A fashion illustrator and visiting professor at the London College of Fashion, Downton published 'Masters of Fashion Illustration' last year. He lives in Sussex

I came to fashion illustration late, so when I first saw Carmen, in a documentary, I hadn't a clue who she was. But I instantly saw that I had to persuade her to sit for me.

I got the usual rebuff at first. But I was persistent and met her agent for tea in New York. Suddenly, she said, "I've got to go out – you might as well come with me." I ended up visiting every hospital on the Upper East Side with her, taking soup to various people and thinking, "What on earth am I doing?" Finally, in the elevator of an apartment block on Park Avenue, she said, "Right, this is Carmen's building. We're taking her some soup because she hasn't been well."

I'd built this up as a meeting with the beauty of the ages, but when Carmen opened the door – and I will never forget this – she was in curlers and a facepack. The agent looked at her feet and I looked at mine. But Carmen, who can deflate any situation, said: "Well! You're lucky I had anything on at all!"

We handed over the soup and scuttled off. But I pursued it, we did the first drawing and, of course, she was amazing. She treated it as seriously as if she were sitting for [Richard] Avedon or [Irving] Penn. That was a huge compliment, because not only has she worked with every important photographer, she's sat for [Salvador] Dali, Eric, [René] Bouché – my illustration heroes.

Carmen gives you the picture – all you have to do is be there and be sober. I fell in love with her across the drawingboard, but over the years – 11 now – we have become really great friends. She is one of a handful of people, beyond my family, whose advice I seek, whose opinion I trust. I feel very protective of her too. I want good things for her.

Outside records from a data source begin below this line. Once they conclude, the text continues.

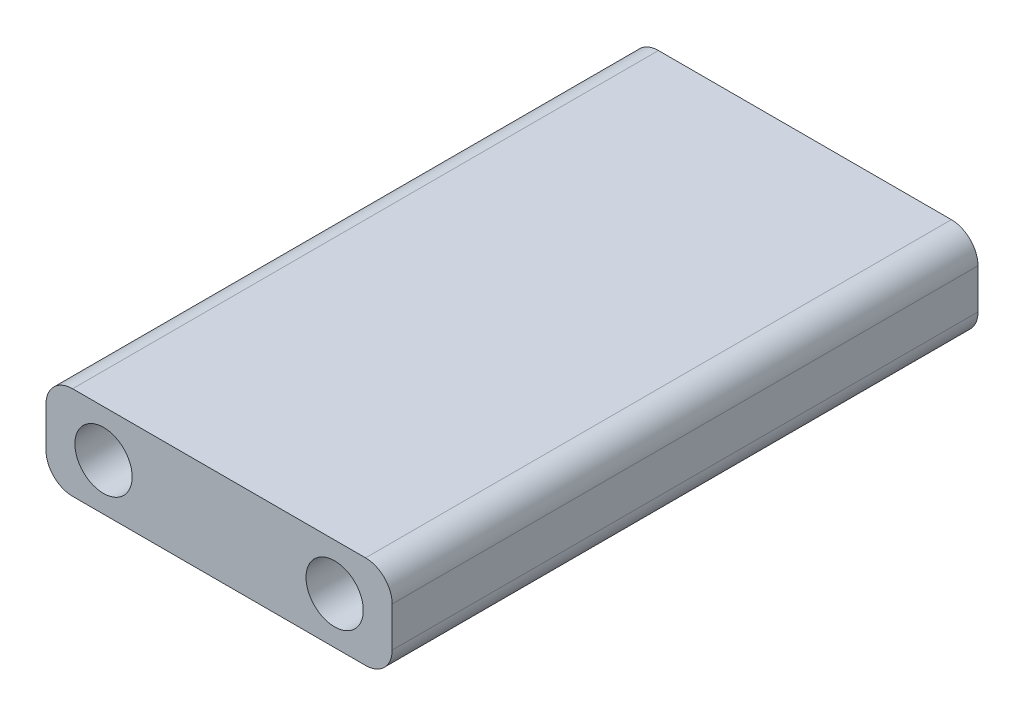
ISO-10303-21;
HEADER;
FILE_DESCRIPTION(('STEP AP214'),'2;1');
FILE_NAME('part.step','',(''),(''),'','','');
FILE_SCHEMA(('AUTOMOTIVE_DESIGN { 1 0 10303 214 1 1 1 1 }'));
ENDSEC;
DATA;
#1=APPLICATION_CONTEXT('core data for automotive mechanical design processes');
#2=APPLICATION_PROTOCOL_DEFINITION('international standard','automotive_design',2000,#1);
#3=PRODUCT_CONTEXT('',#1,'mechanical');
#4=PRODUCT('Part','Part','',(#3));
#5=PRODUCT_RELATED_PRODUCT_CATEGORY('part','',(#4));
#6=PRODUCT_DEFINITION_FORMATION('','',#4);
#7=PRODUCT_DEFINITION_CONTEXT('part definition',#1,'design');
#8=PRODUCT_DEFINITION('design','',#6,#7);
#9=PRODUCT_DEFINITION_SHAPE('','',#8);
#10=(LENGTH_UNIT() NAMED_UNIT(*) SI_UNIT(.MILLI.,.METRE.));
#11=(NAMED_UNIT(*) PLANE_ANGLE_UNIT() SI_UNIT($,.RADIAN.));
#12=(NAMED_UNIT(*) SI_UNIT($,.STERADIAN.) SOLID_ANGLE_UNIT());
#13=UNCERTAINTY_MEASURE_WITH_UNIT(LENGTH_MEASURE(1.E-05),#10,'distance_accuracy_value','');
#14=(GEOMETRIC_REPRESENTATION_CONTEXT(3) GLOBAL_UNCERTAINTY_ASSIGNED_CONTEXT((#13)) GLOBAL_UNIT_ASSIGNED_CONTEXT((#10,
#11,#12)) REPRESENTATION_CONTEXT('',''));
#15=CARTESIAN_POINT('',(0.,0.,0.));
#16=DIRECTION('',(0.,0.,1.));
#17=DIRECTION('',(1.,0.,0.));
#18=AXIS2_PLACEMENT_3D('',#15,#16,#17);
#19=CARTESIAN_POINT('',(13.,7.,-22.));
#20=DIRECTION('',(-1.,0.,0.));
#21=DIRECTION('',(0.,0.,1.));
#22=AXIS2_PLACEMENT_3D('',#19,#20,#21);
#23=PLANE('',#22);
#24=DIRECTION('',(0.,-1.,0.));
#25=VECTOR('',#24,1.);
#26=CARTESIAN_POINT('',(13.,7.,22.));
#27=LINE('',#26,#25);
#28=CARTESIAN_POINT('',(13.,5.,22.));
#29=VERTEX_POINT('',#28);
#30=CARTESIAN_POINT('',(13.,2.,22.));
#31=VERTEX_POINT('',#30);
#32=EDGE_CURVE('E154',#29,#31,#27,.T.);
#33=ORIENTED_EDGE('',*,*,#32,.T.);
#34=DIRECTION('',(0.,0.,-1.));
#35=VECTOR('',#34,1.);
#36=CARTESIAN_POINT('',(13.,2.,-22.));
#37=LINE('',#36,#35);
#38=CARTESIAN_POINT('',(13.,2.,-22.));
#39=VERTEX_POINT('',#38);
#40=EDGE_CURVE('E118',#31,#39,#37,.T.);
#41=ORIENTED_EDGE('',*,*,#40,.T.);
#42=DIRECTION('',(0.,-1.,0.));
#43=VECTOR('',#42,1.);
#44=CARTESIAN_POINT('',(13.,7.,-22.));
#45=LINE('',#44,#43);
#46=CARTESIAN_POINT('',(13.,5.,-22.));
#47=VERTEX_POINT('',#46);
#48=EDGE_CURVE('E103',#47,#39,#45,.T.);
#49=ORIENTED_EDGE('',*,*,#48,.F.);
#50=DIRECTION('',(0.,0.,-1.));
#51=VECTOR('',#50,1.);
#52=CARTESIAN_POINT('',(13.,5.,22.));
#53=LINE('',#52,#51);
#54=EDGE_CURVE('E115',#47,#29,#53,.F.);
#55=ORIENTED_EDGE('',*,*,#54,.T.);
#56=EDGE_LOOP('',(#33,#41,#49,#55));
#57=FACE_BOUND('',#56,.T.);
#58=ADVANCED_FACE('F33',(#57),#23,.F.);
#59=CARTESIAN_POINT('',(-13.,7.,-22.));
#60=DIRECTION('',(0.,0.,1.));
#61=DIRECTION('',(1.,0.,0.));
#62=AXIS2_PLACEMENT_3D('',#59,#60,#61);
#63=PLANE('',#62);
#64=CARTESIAN_POINT('',(-8.68,3.5,-22.));
#65=DIRECTION('',(0.,0.,1.));
#66=DIRECTION('',(1.,0.,0.));
#67=AXIS2_PLACEMENT_3D('',#64,#65,#66);
#68=CIRCLE('',#67,2.15);
#69=CARTESIAN_POINT('',(-6.53,3.5,-22.));
#70=VERTEX_POINT('',#69);
#71=EDGE_CURVE('E355',#70,#70,#68,.T.);
#72=ORIENTED_EDGE('',*,*,#71,.T.);
#73=EDGE_LOOP('',(#72));
#74=FACE_BOUND('',#73,.T.);
#75=CARTESIAN_POINT('',(8.68,3.5,-22.));
#76=DIRECTION('',(0.,0.,1.));
#77=DIRECTION('',(-1.,0.,0.));
#78=AXIS2_PLACEMENT_3D('',#75,#76,#77);
#79=CIRCLE('',#78,2.15);
#80=CARTESIAN_POINT('',(6.53,3.5,-22.));
#81=VERTEX_POINT('',#80);
#82=EDGE_CURVE('E361',#81,#81,#79,.T.);
#83=ORIENTED_EDGE('',*,*,#82,.T.);
#84=EDGE_LOOP('',(#83));
#85=FACE_BOUND('',#84,.T.);
#86=ORIENTED_EDGE('',*,*,#48,.T.);
#87=CARTESIAN_POINT('',(11.,2.,-22.));
#88=DIRECTION('',(0.,0.,1.));
#89=DIRECTION('',(1.,0.,0.));
#90=AXIS2_PLACEMENT_3D('',#87,#88,#89);
#91=CIRCLE('',#90,2.);
#92=CARTESIAN_POINT('',(11.,0.,-22.));
#93=VERTEX_POINT('',#92);
#94=EDGE_CURVE('E130',#39,#93,#91,.F.);
#95=ORIENTED_EDGE('',*,*,#94,.T.);
#96=DIRECTION('',(-1.,0.,0.));
#97=VECTOR('',#96,1.);
#98=CARTESIAN_POINT('',(-13.,0.,-22.));
#99=LINE('',#98,#97);
#100=CARTESIAN_POINT('',(-11.,0.,-22.));
#101=VERTEX_POINT('',#100);
#102=EDGE_CURVE('E162',#93,#101,#99,.T.);
#103=ORIENTED_EDGE('',*,*,#102,.T.);
#104=CARTESIAN_POINT('',(-11.,2.,-22.));
#105=DIRECTION('',(0.,0.,1.));
#106=DIRECTION('',(1.,0.,0.));
#107=AXIS2_PLACEMENT_3D('',#104,#105,#106);
#108=CIRCLE('',#107,2.);
#109=CARTESIAN_POINT('',(-13.,2.,-22.));
#110=VERTEX_POINT('',#109);
#111=EDGE_CURVE('E109',#101,#110,#108,.F.);
#112=ORIENTED_EDGE('',*,*,#111,.T.);
#113=DIRECTION('',(0.,-1.,0.));
#114=VECTOR('',#113,1.);
#115=CARTESIAN_POINT('',(-13.,7.,-22.));
#116=LINE('',#115,#114);
#117=CARTESIAN_POINT('',(-13.,5.,-22.));
#118=VERTEX_POINT('',#117);
#119=EDGE_CURVE('E119',#118,#110,#116,.T.);
#120=ORIENTED_EDGE('',*,*,#119,.F.);
#121=CARTESIAN_POINT('',(-11.,5.,-22.));
#122=DIRECTION('',(0.,0.,1.));
#123=DIRECTION('',(1.,0.,0.));
#124=AXIS2_PLACEMENT_3D('',#121,#122,#123);
#125=CIRCLE('',#124,2.);
#126=CARTESIAN_POINT('',(-11.,7.,-22.));
#127=VERTEX_POINT('',#126);
#128=EDGE_CURVE('E110',#118,#127,#125,.F.);
#129=ORIENTED_EDGE('',*,*,#128,.T.);
#130=DIRECTION('',(-1.,0.,0.));
#131=VECTOR('',#130,1.);
#132=CARTESIAN_POINT('',(-13.,7.,-22.));
#133=LINE('',#132,#131);
#134=CARTESIAN_POINT('',(11.,7.,-22.));
#135=VERTEX_POINT('',#134);
#136=EDGE_CURVE('E105',#135,#127,#133,.T.);
#137=ORIENTED_EDGE('',*,*,#136,.F.);
#138=CARTESIAN_POINT('',(11.,5.,-22.));
#139=DIRECTION('',(0.,0.,1.));
#140=DIRECTION('',(1.,0.,0.));
#141=AXIS2_PLACEMENT_3D('',#138,#139,#140);
#142=CIRCLE('',#141,2.);
#143=EDGE_CURVE('E100',#135,#47,#142,.F.);
#144=ORIENTED_EDGE('',*,*,#143,.T.);
#145=EDGE_LOOP('',(#86,#95,#103,#112,#120,#129,#137,#144));
#146=FACE_BOUND('',#145,.T.);
#147=ADVANCED_FACE('F102',(#74,#85,#146),#63,.F.);
#148=CARTESIAN_POINT('',(-13.,7.,-22.));
#149=DIRECTION('',(1.,0.,0.));
#150=DIRECTION('',(0.,0.,-1.));
#151=AXIS2_PLACEMENT_3D('',#148,#149,#150);
#152=PLANE('',#151);
#153=ORIENTED_EDGE('',*,*,#119,.T.);
#154=DIRECTION('',(0.,0.,1.));
#155=VECTOR('',#154,1.);
#156=CARTESIAN_POINT('',(-13.,2.,-22.));
#157=LINE('',#156,#155);
#158=CARTESIAN_POINT('',(-13.,2.,22.));
#159=VERTEX_POINT('',#158);
#160=EDGE_CURVE('E143',#110,#159,#157,.T.);
#161=ORIENTED_EDGE('',*,*,#160,.T.);
#162=DIRECTION('',(0.,-1.,0.));
#163=VECTOR('',#162,1.);
#164=CARTESIAN_POINT('',(-13.,7.,22.));
#165=LINE('',#164,#163);
#166=CARTESIAN_POINT('',(-13.,5.,22.));
#167=VERTEX_POINT('',#166);
#168=EDGE_CURVE('E156',#167,#159,#165,.T.);
#169=ORIENTED_EDGE('',*,*,#168,.F.);
#170=DIRECTION('',(0.,0.,1.));
#171=VECTOR('',#170,1.);
#172=CARTESIAN_POINT('',(-13.,5.,-22.));
#173=LINE('',#172,#171);
#174=EDGE_CURVE('E141',#167,#118,#173,.F.);
#175=ORIENTED_EDGE('',*,*,#174,.T.);
#176=EDGE_LOOP('',(#153,#161,#169,#175));
#177=FACE_BOUND('',#176,.T.);
#178=ADVANCED_FACE('F170',(#177),#152,.F.);
#179=CARTESIAN_POINT('',(-13.,7.,22.));
#180=DIRECTION('',(0.,0.,-1.));
#181=DIRECTION('',(-1.,0.,0.));
#182=AXIS2_PLACEMENT_3D('',#179,#180,#181);
#183=PLANE('',#182);
#184=CARTESIAN_POINT('',(-8.68,3.5,22.));
#185=DIRECTION('',(0.,0.,1.));
#186=DIRECTION('',(1.,0.,0.));
#187=AXIS2_PLACEMENT_3D('',#184,#185,#186);
#188=CIRCLE('',#187,2.15);
#189=CARTESIAN_POINT('',(-6.53,3.5,22.));
#190=VERTEX_POINT('',#189);
#191=EDGE_CURVE('E345',#190,#190,#188,.T.);
#192=ORIENTED_EDGE('',*,*,#191,.F.);
#193=EDGE_LOOP('',(#192));
#194=FACE_BOUND('',#193,.T.);
#195=CARTESIAN_POINT('',(8.68,3.5,22.));
#196=DIRECTION('',(0.,0.,1.));
#197=DIRECTION('',(-1.,0.,0.));
#198=AXIS2_PLACEMENT_3D('',#195,#196,#197);
#199=CIRCLE('',#198,2.15);
#200=CARTESIAN_POINT('',(6.53,3.5,22.));
#201=VERTEX_POINT('',#200);
#202=EDGE_CURVE('E348',#201,#201,#199,.T.);
#203=ORIENTED_EDGE('',*,*,#202,.F.);
#204=EDGE_LOOP('',(#203));
#205=FACE_BOUND('',#204,.T.);
#206=DIRECTION('',(1.,0.,0.));
#207=VECTOR('',#206,1.);
#208=CARTESIAN_POINT('',(-13.,0.,22.));
#209=LINE('',#208,#207);
#210=CARTESIAN_POINT('',(-11.,0.,22.));
#211=VERTEX_POINT('',#210);
#212=CARTESIAN_POINT('',(11.,0.,22.));
#213=VERTEX_POINT('',#212);
#214=EDGE_CURVE('E158',#211,#213,#209,.T.);
#215=ORIENTED_EDGE('',*,*,#214,.T.);
#216=CARTESIAN_POINT('',(11.,2.,22.));
#217=DIRECTION('',(0.,0.,-1.));
#218=DIRECTION('',(-1.,0.,0.));
#219=AXIS2_PLACEMENT_3D('',#216,#217,#218);
#220=CIRCLE('',#219,2.);
#221=EDGE_CURVE('E139',#213,#31,#220,.F.);
#222=ORIENTED_EDGE('',*,*,#221,.T.);
#223=ORIENTED_EDGE('',*,*,#32,.F.);
#224=CARTESIAN_POINT('',(11.,5.,22.));
#225=DIRECTION('',(0.,0.,-1.));
#226=DIRECTION('',(-1.,0.,0.));
#227=AXIS2_PLACEMENT_3D('',#224,#225,#226);
#228=CIRCLE('',#227,2.);
#229=CARTESIAN_POINT('',(11.,7.,22.));
#230=VERTEX_POINT('',#229);
#231=EDGE_CURVE('E123',#29,#230,#228,.F.);
#232=ORIENTED_EDGE('',*,*,#231,.T.);
#233=DIRECTION('',(1.,0.,0.));
#234=VECTOR('',#233,1.);
#235=CARTESIAN_POINT('',(-13.,7.,22.));
#236=LINE('',#235,#234);
#237=CARTESIAN_POINT('',(-11.,7.,22.));
#238=VERTEX_POINT('',#237);
#239=EDGE_CURVE('E149',#238,#230,#236,.T.);
#240=ORIENTED_EDGE('',*,*,#239,.F.);
#241=CARTESIAN_POINT('',(-11.,5.,22.));
#242=DIRECTION('',(0.,0.,-1.));
#243=DIRECTION('',(-1.,0.,0.));
#244=AXIS2_PLACEMENT_3D('',#241,#242,#243);
#245=CIRCLE('',#244,2.);
#246=EDGE_CURVE('E56',#238,#167,#245,.F.);
#247=ORIENTED_EDGE('',*,*,#246,.T.);
#248=ORIENTED_EDGE('',*,*,#168,.T.);
#249=CARTESIAN_POINT('',(-11.,2.,22.));
#250=DIRECTION('',(0.,0.,-1.));
#251=DIRECTION('',(-1.,0.,0.));
#252=AXIS2_PLACEMENT_3D('',#249,#250,#251);
#253=CIRCLE('',#252,2.);
#254=EDGE_CURVE('E48',#159,#211,#253,.F.);
#255=ORIENTED_EDGE('',*,*,#254,.T.);
#256=EDGE_LOOP('',(#215,#222,#223,#232,#240,#247,#248,#255));
#257=FACE_BOUND('',#256,.T.);
#258=ADVANCED_FACE('F153',(#194,#205,#257),#183,.F.);
#259=CARTESIAN_POINT('',(0.,7.,0.));
#260=DIRECTION('',(0.,1.,0.));
#261=DIRECTION('',(0.,0.,1.));
#262=AXIS2_PLACEMENT_3D('',#259,#260,#261);
#263=PLANE('',#262);
#264=ORIENTED_EDGE('',*,*,#239,.T.);
#265=DIRECTION('',(0.,0.,-1.));
#266=VECTOR('',#265,1.);
#267=CARTESIAN_POINT('',(11.,7.,-22.));
#268=LINE('',#267,#266);
#269=EDGE_CURVE('E11',#230,#135,#268,.T.);
#270=ORIENTED_EDGE('',*,*,#269,.T.);
#271=ORIENTED_EDGE('',*,*,#136,.T.);
#272=DIRECTION('',(0.,0.,1.));
#273=VECTOR('',#272,1.);
#274=CARTESIAN_POINT('',(-11.,7.,22.));
#275=LINE('',#274,#273);
#276=EDGE_CURVE('E41',#127,#238,#275,.T.);
#277=ORIENTED_EDGE('',*,*,#276,.T.);
#278=EDGE_LOOP('',(#264,#270,#271,#277));
#279=FACE_BOUND('',#278,.T.);
#280=ADVANCED_FACE('F148',(#279),#263,.T.);
#281=CARTESIAN_POINT('',(0.,0.,0.));
#282=DIRECTION('',(0.,1.,0.));
#283=DIRECTION('',(0.,0.,1.));
#284=AXIS2_PLACEMENT_3D('',#281,#282,#283);
#285=PLANE('',#284);
#286=ORIENTED_EDGE('',*,*,#102,.F.);
#287=DIRECTION('',(0.,0.,-1.));
#288=VECTOR('',#287,1.);
#289=CARTESIAN_POINT('',(11.,0.,0.));
#290=LINE('',#289,#288);
#291=EDGE_CURVE('E134',#93,#213,#290,.F.);
#292=ORIENTED_EDGE('',*,*,#291,.T.);
#293=ORIENTED_EDGE('',*,*,#214,.F.);
#294=DIRECTION('',(0.,0.,1.));
#295=VECTOR('',#294,1.);
#296=CARTESIAN_POINT('',(-11.,0.,0.));
#297=LINE('',#296,#295);
#298=EDGE_CURVE('E132',#211,#101,#297,.F.);
#299=ORIENTED_EDGE('',*,*,#298,.T.);
#300=EDGE_LOOP('',(#286,#292,#293,#299));
#301=FACE_BOUND('',#300,.T.);
#302=ADVANCED_FACE('F177',(#301),#285,.F.);
#303=CARTESIAN_POINT('',(8.68,3.5,17.));
#304=DIRECTION('',(0.,0.,1.));
#305=DIRECTION('',(1.,0.,0.));
#306=AXIS2_PLACEMENT_3D('',#303,#304,#305);
#307=CYLINDRICAL_SURFACE('',#306,2.15);
#308=CARTESIAN_POINT('',(8.68,3.5,17.));
#309=DIRECTION('',(0.,0.,1.));
#310=DIRECTION('',(-1.,0.,0.));
#311=AXIS2_PLACEMENT_3D('',#308,#309,#310);
#312=CIRCLE('',#311,2.15);
#313=CARTESIAN_POINT('',(6.53,3.5,17.));
#314=VERTEX_POINT('',#313);
#315=EDGE_CURVE('E350',#314,#314,#312,.T.);
#316=ORIENTED_EDGE('',*,*,#315,.F.);
#317=EDGE_LOOP('',(#316));
#318=FACE_BOUND('',#317,.T.);
#319=ORIENTED_EDGE('',*,*,#202,.T.);
#320=EDGE_LOOP('',(#319));
#321=FACE_BOUND('',#320,.T.);
#322=ADVANCED_FACE('F282',(#318,#321),#307,.F.);
#323=CARTESIAN_POINT('',(8.68,3.5,17.));
#324=DIRECTION('',(0.,0.,-1.));
#325=DIRECTION('',(-1.,0.,0.));
#326=AXIS2_PLACEMENT_3D('',#323,#324,#325);
#327=PLANE('',#326);
#328=ORIENTED_EDGE('',*,*,#315,.T.);
#329=EDGE_LOOP('',(#328));
#330=FACE_BOUND('',#329,.T.);
#331=ADVANCED_FACE('F273',(#330),#327,.F.);
#332=CARTESIAN_POINT('',(-8.68,3.5,17.));
#333=DIRECTION('',(0.,0.,1.));
#334=DIRECTION('',(1.,0.,0.));
#335=AXIS2_PLACEMENT_3D('',#332,#333,#334);
#336=CYLINDRICAL_SURFACE('',#335,2.15);
#337=CARTESIAN_POINT('',(-8.68,3.5,17.));
#338=DIRECTION('',(0.,0.,1.));
#339=DIRECTION('',(1.,0.,0.));
#340=AXIS2_PLACEMENT_3D('',#337,#338,#339);
#341=CIRCLE('',#340,2.15);
#342=CARTESIAN_POINT('',(-6.53,3.5,17.));
#343=VERTEX_POINT('',#342);
#344=EDGE_CURVE('E165',#343,#343,#341,.T.);
#345=ORIENTED_EDGE('',*,*,#344,.F.);
#346=EDGE_LOOP('',(#345));
#347=FACE_BOUND('',#346,.T.);
#348=ORIENTED_EDGE('',*,*,#191,.T.);
#349=EDGE_LOOP('',(#348));
#350=FACE_BOUND('',#349,.T.);
#351=ADVANCED_FACE('F264',(#347,#350),#336,.F.);
#352=CARTESIAN_POINT('',(-8.68,3.5,17.));
#353=DIRECTION('',(0.,0.,1.));
#354=DIRECTION('',(1.,0.,0.));
#355=AXIS2_PLACEMENT_3D('',#352,#353,#354);
#356=PLANE('',#355);
#357=ORIENTED_EDGE('',*,*,#344,.T.);
#358=EDGE_LOOP('',(#357));
#359=FACE_BOUND('',#358,.T.);
#360=ADVANCED_FACE('F255',(#359),#356,.T.);
#361=CARTESIAN_POINT('',(8.68,3.5,-17.));
#362=DIRECTION('',(0.,0.,-1.));
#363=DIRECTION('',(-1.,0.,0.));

People often think she is a countess, just blown in from the Riviera. If we go out to dinner, a queue forms, usually of women, wanting to tell her how amazing she is; what hope she has given them. You have to get over her beauty, and you do, because she has extraordinary humour and humanity. People see Carmen as "the legend" in the industry, but I think of her as the legend down the hall.

Carmen Dell'Orefice, 80

A model for 66 years, Dell'Orefice appeared on her first 'Vogue' cover in 1946 and has worked with Cecil Beaton and Richard Avedon. She recently modelled for Hermès and received an honorary doctorate from London's University of the Arts. She lives in New York

For a long time, I had a stalker in my life. That's how I remember David at first. He bothered me for two or three years, through my agent Patty, wanting to draw me. My doorbell rang one day – it must have been a weekend because I was in my bathrobe with a clay mask on my face – and standing there was some handsome boy. Patty nearly died with chagrin, realising she should have called. But she was so taken with this David Downton that she brought him up unannounced.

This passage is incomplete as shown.